Он задумался, вспоминая свой единственный вечер с Надией. Ее искушенность и внимательность позволили Алонсо избежать полного фиаско. Обычно он с неохотой вспоминал этот эпизод, но теперь воспоминание почему-то перестало казаться ему болезненным.
Служанка принесла заново наполненный вином кувшин, и Энрике потянулся к нему. Где-то на полпути его рука застыла, словно он колебался между доводами рассудка и желанием выпить еще. На мгновение он взглянул на Хуана, тот качнул головой, и Энрике, приняв молчаливый совет брата, не стал пить.

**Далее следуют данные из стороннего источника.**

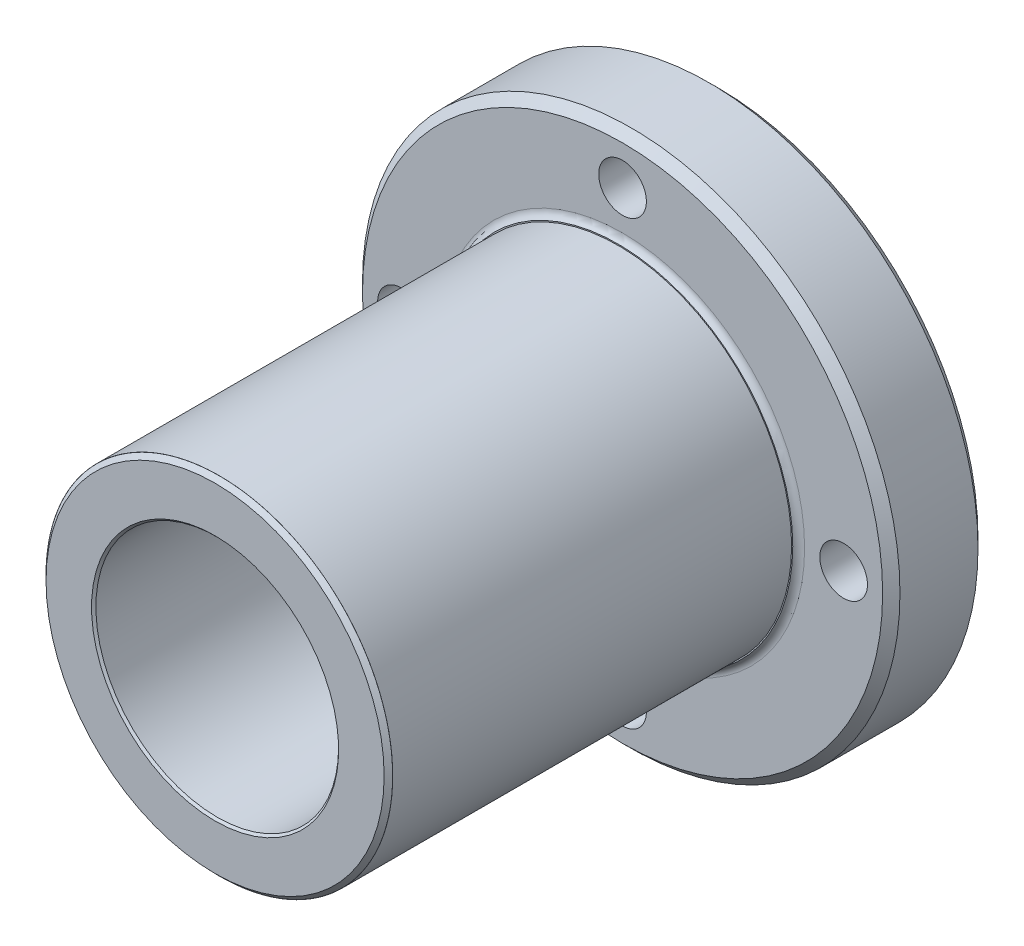
ISO-10303-21;
HEADER;
FILE_DESCRIPTION(('STEP AP214'),'2;1');
FILE_NAME('part.step','',(''),(''),'','','');
FILE_SCHEMA(('AUTOMOTIVE_DESIGN { 1 0 10303 214 1 1 1 1 }'));
ENDSEC;
DATA;
#1=APPLICATION_CONTEXT('core data for automotive mechanical design processes');
#2=APPLICATION_PROTOCOL_DEFINITION('international standard','automotive_design',2000,#1);
#3=PRODUCT_CONTEXT('',#1,'mechanical');
#4=PRODUCT('Part','Part','',(#3));
#5=PRODUCT_RELATED_PRODUCT_CATEGORY('part','',(#4));
#6=PRODUCT_DEFINITION_FORMATION('','',#4);
#7=PRODUCT_DEFINITION_CONTEXT('part definition',#1,'design');
#8=PRODUCT_DEFINITION('design','',#6,#7);
#9=PRODUCT_DEFINITION_SHAPE('','',#8);
#10=(LENGTH_UNIT() NAMED_UNIT(*) SI_UNIT(.MILLI.,.METRE.));
#11=(NAMED_UNIT(*) PLANE_ANGLE_UNIT() SI_UNIT($,.RADIAN.));
#12=(NAMED_UNIT(*) SI_UNIT($,.STERADIAN.) SOLID_ANGLE_UNIT());
#13=UNCERTAINTY_MEASURE_WITH_UNIT(LENGTH_MEASURE(1.E-05),#10,'distance_accuracy_value','');
#14=(GEOMETRIC_REPRESENTATION_CONTEXT(3) GLOBAL_UNCERTAINTY_ASSIGNED_CONTEXT((#13)) GLOBAL_UNIT_ASSIGNED_CONTEXT((#10,
#11,#12)) REPRESENTATION_CONTEXT('',''));
#15=CARTESIAN_POINT('',(0.,0.,0.));
#16=DIRECTION('',(0.,0.,1.));
#17=DIRECTION('',(1.,0.,0.));
#18=AXIS2_PLACEMENT_3D('',#15,#16,#17);
#19=CARTESIAN_POINT('',(0.,0.,-28.99));
#20=DIRECTION('',(0.,0.,1.));
#21=DIRECTION('',(1.,0.,0.));
#22=AXIS2_PLACEMENT_3D('',#19,#20,#21);
#23=PLANE('',#22);
#24=CARTESIAN_POINT('',(0.,0.,-28.99));
#25=DIRECTION('',(0.,0.,1.));
#26=DIRECTION('',(0.,-1.,0.));
#27=AXIS2_PLACEMENT_3D('',#24,#25,#26);
#28=CIRCLE('',#27,30.01);
#29=CARTESIAN_POINT('',(0.,-30.01,-28.99));
#30=VERTEX_POINT('',#29);
#31=EDGE_CURVE('E149',#30,#30,#28,.T.);
#32=ORIENTED_EDGE('',*,*,#31,.F.);
#33=EDGE_LOOP('',(#32));
#34=FACE_BOUND('',#33,.T.);
#35=CARTESIAN_POINT('',(25.5,0.,-28.99));
#36=DIRECTION('',(0.,0.,1.));
#37=DIRECTION('',(1.,0.,0.));
#38=AXIS2_PLACEMENT_3D('',#35,#36,#37);
#39=CIRCLE('',#38,4.5);
#40=CARTESIAN_POINT('',(30.,0.,-28.99));
#41=VERTEX_POINT('',#40);
#42=EDGE_CURVE('E152',#41,#41,#39,.T.);
#43=ORIENTED_EDGE('',*,*,#42,.T.);
#44=EDGE_LOOP('',(#43));
#45=FACE_BOUND('',#44,.T.);
#46=CARTESIAN_POINT('',(0.,25.5,-28.99));
#47=DIRECTION('',(0.,0.,1.));
#48=DIRECTION('',(1.,0.,0.));
#49=AXIS2_PLACEMENT_3D('',#46,#47,#48);
#50=CIRCLE('',#49,4.5);
#51=CARTESIAN_POINT('',(4.5,25.5,-28.99));
#52=VERTEX_POINT('',#51);
#53=EDGE_CURVE('E155',#52,#52,#50,.T.);
#54=ORIENTED_EDGE('',*,*,#53,.T.);
#55=EDGE_LOOP('',(#54));
#56=FACE_BOUND('',#55,.T.);
#57=CARTESIAN_POINT('',(-25.5,0.,-28.99));
#58=DIRECTION('',(0.,0.,1.));
#59=DIRECTION('',(1.,0.,0.));
#60=AXIS2_PLACEMENT_3D('',#57,#58,#59);
#61=CIRCLE('',#60,4.5);
#62=CARTESIAN_POINT('',(-21.,0.,-28.99));
#63=VERTEX_POINT('',#62);
#64=EDGE_CURVE('E158',#63,#63,#61,.T.);
#65=ORIENTED_EDGE('',*,*,#64,.T.);
#66=EDGE_LOOP('',(#65));
#67=FACE_BOUND('',#66,.T.);
#68=CARTESIAN_POINT('',(0.,-25.5,-28.99));
#69=DIRECTION('',(0.,0.,1.));
#70=DIRECTION('',(1.,0.,0.));
#71=AXIS2_PLACEMENT_3D('',#68,#69,#70);
#72=CIRCLE('',#71,4.5);
#73=CARTESIAN_POINT('',(4.5,-25.5,-28.99));
#74=VERTEX_POINT('',#73);
#75=EDGE_CURVE('E161',#74,#74,#72,.T.);
#76=ORIENTED_EDGE('',*,*,#75,.T.);
#77=EDGE_LOOP('',(#76));
#78=FACE_BOUND('',#77,.T.);
#79=CARTESIAN_POINT('',(0.,0.,-28.99));
#80=DIRECTION('',(0.,0.,-1.));
#81=DIRECTION('',(0.,1.,0.));
#82=AXIS2_PLACEMENT_3D('',#79,#80,#81);
#83=CIRCLE('',#82,14.25);
#84=CARTESIAN_POINT('',(0.,14.25,-28.99));
#85=VERTEX_POINT('',#84);
#86=EDGE_CURVE('E146',#85,#85,#83,.F.);
#87=ORIENTED_EDGE('',*,*,#86,.T.);
#88=EDGE_LOOP('',(#87));
#89=FACE_BOUND('',#88,.T.);
#90=ADVANCED_FACE('F17',(#34,#45,#56,#67,#78,#89),#23,.F.);
#91=CARTESIAN_POINT('',(0.,-25.5,-26.45));
#92=DIRECTION('',(0.,0.,1.));
#93=DIRECTION('',(1.,0.,0.));
#94=AXIS2_PLACEMENT_3D('',#91,#92,#93);
#95=CYLINDRICAL_SURFACE('',#94,4.5);
#96=CARTESIAN_POINT('',(0.,-25.5,-23.9));
#97=DIRECTION('',(0.,0.,1.));
#98=DIRECTION('',(1.,0.,0.));
#99=AXIS2_PLACEMENT_3D('',#96,#97,#98);
#100=CIRCLE('',#99,4.5);
#101=CARTESIAN_POINT('',(4.5,-25.5,-23.9));
#102=VERTEX_POINT('',#101);
#103=EDGE_CURVE('E143',#102,#102,#100,.T.);
#104=ORIENTED_EDGE('',*,*,#103,.T.);
#105=EDGE_LOOP('',(#104));
#106=FACE_BOUND('',#105,.T.);
#107=ORIENTED_EDGE('',*,*,#75,.F.);
#108=EDGE_LOOP('',(#107));
#109=FACE_BOUND('',#108,.T.);
#110=ADVANCED_FACE('F167',(#106,#109),#95,.F.);
#111=CARTESIAN_POINT('',(-25.5,0.,-26.45));
#112=DIRECTION('',(0.,0.,1.));
#113=DIRECTION('',(1.,0.,0.));
#114=AXIS2_PLACEMENT_3D('',#111,#112,#113);
#115=CYLINDRICAL_SURFACE('',#114,4.5);
#116=CARTESIAN_POINT('',(-25.5,0.,-23.9));
#117=DIRECTION('',(0.,0.,1.));
#118=DIRECTION('',(1.,0.,0.));
#119=AXIS2_PLACEMENT_3D('',#116,#117,#118);
#120=CIRCLE('',#119,4.5);
#121=CARTESIAN_POINT('',(-21.,0.,-23.9));
#122=VERTEX_POINT('',#121);
#123=EDGE_CURVE('E140',#122,#122,#120,.T.);
#124=ORIENTED_EDGE('',*,*,#123,.T.);
#125=EDGE_LOOP('',(#124));
#126=FACE_BOUND('',#125,.T.);
#127=ORIENTED_EDGE('',*,*,#64,.F.);
#128=EDGE_LOOP('',(#127));
#129=FACE_BOUND('',#128,.T.);
#130=ADVANCED_FACE('F169',(#126,#129),#115,.F.);
#131=CARTESIAN_POINT('',(0.,25.5,-26.45));
#132=DIRECTION('',(0.,0.,1.));
#133=DIRECTION('',(1.,0.,0.));
#134=AXIS2_PLACEMENT_3D('',#131,#132,#133);
#135=CYLINDRICAL_SURFACE('',#134,4.5);
#136=CARTESIAN_POINT('',(0.,25.5,-23.9));
#137=DIRECTION('',(0.,0.,1.));
#138=DIRECTION('',(1.,0.,0.));
#139=AXIS2_PLACEMENT_3D('',#136,#137,#138);
#140=CIRCLE('',#139,4.5);
#141=CARTESIAN_POINT('',(4.5,25.5,-23.9));
#142=VERTEX_POINT('',#141);
#143=EDGE_CURVE('E137',#142,#142,#140,.T.);
#144=ORIENTED_EDGE('',*,*,#143,.T.);
#145=EDGE_LOOP('',(#144));
#146=FACE_BOUND('',#145,.T.);
#147=ORIENTED_EDGE('',*,*,#53,.F.);
#148=EDGE_LOOP('',(#147));
#149=FACE_BOUND('',#148,.T.);
#150=ADVANCED_FACE('F176',(#146,#149),#135,.F.);
#151=CARTESIAN_POINT('',(25.5,0.,-26.45));
#152=DIRECTION('',(0.,0.,1.));
#153=DIRECTION('',(1.,0.,0.));
#154=AXIS2_PLACEMENT_3D('',#151,#152,#153);
#155=CYLINDRICAL_SURFACE('',#154,4.5);
#156=CARTESIAN_POINT('',(25.5,0.,-23.9));
#157=DIRECTION('',(0.,0.,1.));
#158=DIRECTION('',(1.,0.,0.));
#159=AXIS2_PLACEMENT_3D('',#156,#157,#158);
#160=CIRCLE('',#159,4.5);
#161=CARTESIAN_POINT('',(30.,0.,-23.9));
#162=VERTEX_POINT('',#161);
#163=EDGE_CURVE('E133',#162,#162,#160,.T.);
#164=ORIENTED_EDGE('',*,*,#163,.T.);
#165=EDGE_LOOP('',(#164));
#166=FACE_BOUND('',#165,.T.);
#167=ORIENTED_EDGE('',*,*,#42,.F.);
#168=EDGE_LOOP('',(#167));
#169=FACE_BOUND('',#168,.T.);
#170=ADVANCED_FACE('F287',(#166,#169),#155,.F.);
#171=CARTESIAN_POINT('',(0.,0.,-28.));
#172=DIRECTION('',(0.,0.,1.));
#173=DIRECTION('',(0.,-1.,0.));
#174=AXIS2_PLACEMENT_3D('',#171,#172,#173);
#175=CONICAL_SURFACE('',#174,31.,0.785398163397447);
#176=ORIENTED_EDGE('',*,*,#31,.T.);
#177=EDGE_LOOP('',(#176));
#178=FACE_BOUND('',#177,.T.);
#179=CARTESIAN_POINT('',(0.,0.,-28.));
#180=DIRECTION('',(0.,0.,1.));
#181=DIRECTION('',(1.,0.,0.));
#182=AXIS2_PLACEMENT_3D('',#179,#180,#181);
#183=CIRCLE('',#182,31.);
#184=CARTESIAN_POINT('',(31.,0.,-28.));
#185=VERTEX_POINT('',#184);
#186=EDGE_CURVE('E136',#185,#185,#183,.T.);
#187=ORIENTED_EDGE('',*,*,#186,.F.);
#188=EDGE_LOOP('',(#187));
#189=FACE_BOUND('',#188,.T.);
#190=ADVANCED_FACE('F283',(#178,#189),#175,.T.);
#191=CARTESIAN_POINT('',(0.,0.,-28.99));
#192=DIRECTION('',(0.,0.,-1.));
#193=DIRECTION('',(0.,1.,0.));
#194=AXIS2_PLACEMENT_3D('',#191,#192,#193);
#195=CONICAL_SURFACE('',#194,14.25,0.785398163397448);
#196=ORIENTED_EDGE('',*,*,#86,.F.);
#197=EDGE_LOOP('',(#196));
#198=FACE_BOUND('',#197,.T.);
#199=CARTESIAN_POINT('',(0.,0.,-28.74));
#200=DIRECTION('',(0.,0.,1.));
#201=DIRECTION('',(1.,0.,0.));
#202=AXIS2_PLACEMENT_3D('',#199,#200,#201);
#203=CIRCLE('',#202,14.);
#204=CARTESIAN_POINT('',(14.,0.,-28.74));
#205=VERTEX_POINT('',#204);
#206=EDGE_CURVE('E132',#205,#205,#203,.T.);
#207=ORIENTED_EDGE('',*,*,#206,.T.);
#208=EDGE_LOOP('',(#207));
#209=FACE_BOUND('',#208,.T.);
#210=ADVANCED_FACE('F279',(#198,#209),#195,.F.);
#211=CARTESIAN_POINT('',(0.,-25.5,-23.9));
#212=DIRECTION('',(0.,0.,1.));
#213=DIRECTION('',(1.,0.,0.));
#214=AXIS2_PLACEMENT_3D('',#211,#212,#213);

А что было бы, если бы он не посмотрел сейчас в сторону Хуана? Алонсо представил себе, как его жизнерадостный, толстощекий кузен берет кувшин и наливает себе вина в кубок. Как и при всех предыдущих попытках оказать таким образом воздействие на реальность, ничего не изменилось. Алонсо утешился тем, что в его сновидениях подобные опыты все чаще и чаще приводили к успеху. Когда-нибудь это произойдет и в реальности.
Вернувшись в комнату, он собирался почитать перед сном рукопись «Свет в оазисе», но уступил навалившейся сонливости и сразу лег в постель.
Алонсо находился в ладье, плывущей мимо дворца, на балконах которого стояли группы мужчин и женщин в нарядных одеяниях. Они беседовали о литературе и музыке, и Алонсо остро чувствовал, что будет принят в любой из этих групп как желанный собеседник. Но как попасть во дворец? Входа нигде не было видно. Алонсо заметил, что лодку тянут три лебедя — черный самец посередине и две белые самки по краям. Они рвались вперед с такой силой, что ладья приподнялась над водой и оказалась на уровне галереи на одном из верхних этажей дворца.
«Это же сон, — догадался Алонсо, — мне все это снится!» Как всегда, мгновение догадки сопровождалось вспышкой радости. Тут же сработало ставшее уже привычным желание как-то изменить обстановку сна, чтобы утвердиться в том, что вся эта красота — дворцы и реки внизу, облака рядом с ним, — все это — мир, созданный его собственным рассудком, и поэтому он волен распоряжаться им по своему усмотрению.
Сновидец Алонсо пожелал увидеть прямо перед собой «даму из медальона». Он часто это делал во сне, и девушка, как обычно, немедленно оказалась перед ним. Она стояла на балконе какого-то невероятно высокого здания, а возле нее проплывало перистое серебристое облако. Синие глаза улыбались, ветер трепал черные локоны. Алонсо направился было к ней, но стал просыпаться. Пытаясь удержать сон, он внимательно разглядывал лепнину балкона прямо перед собой, но, как видно, эта мера была запоздалой, поскольку сон уже себя исчерпал.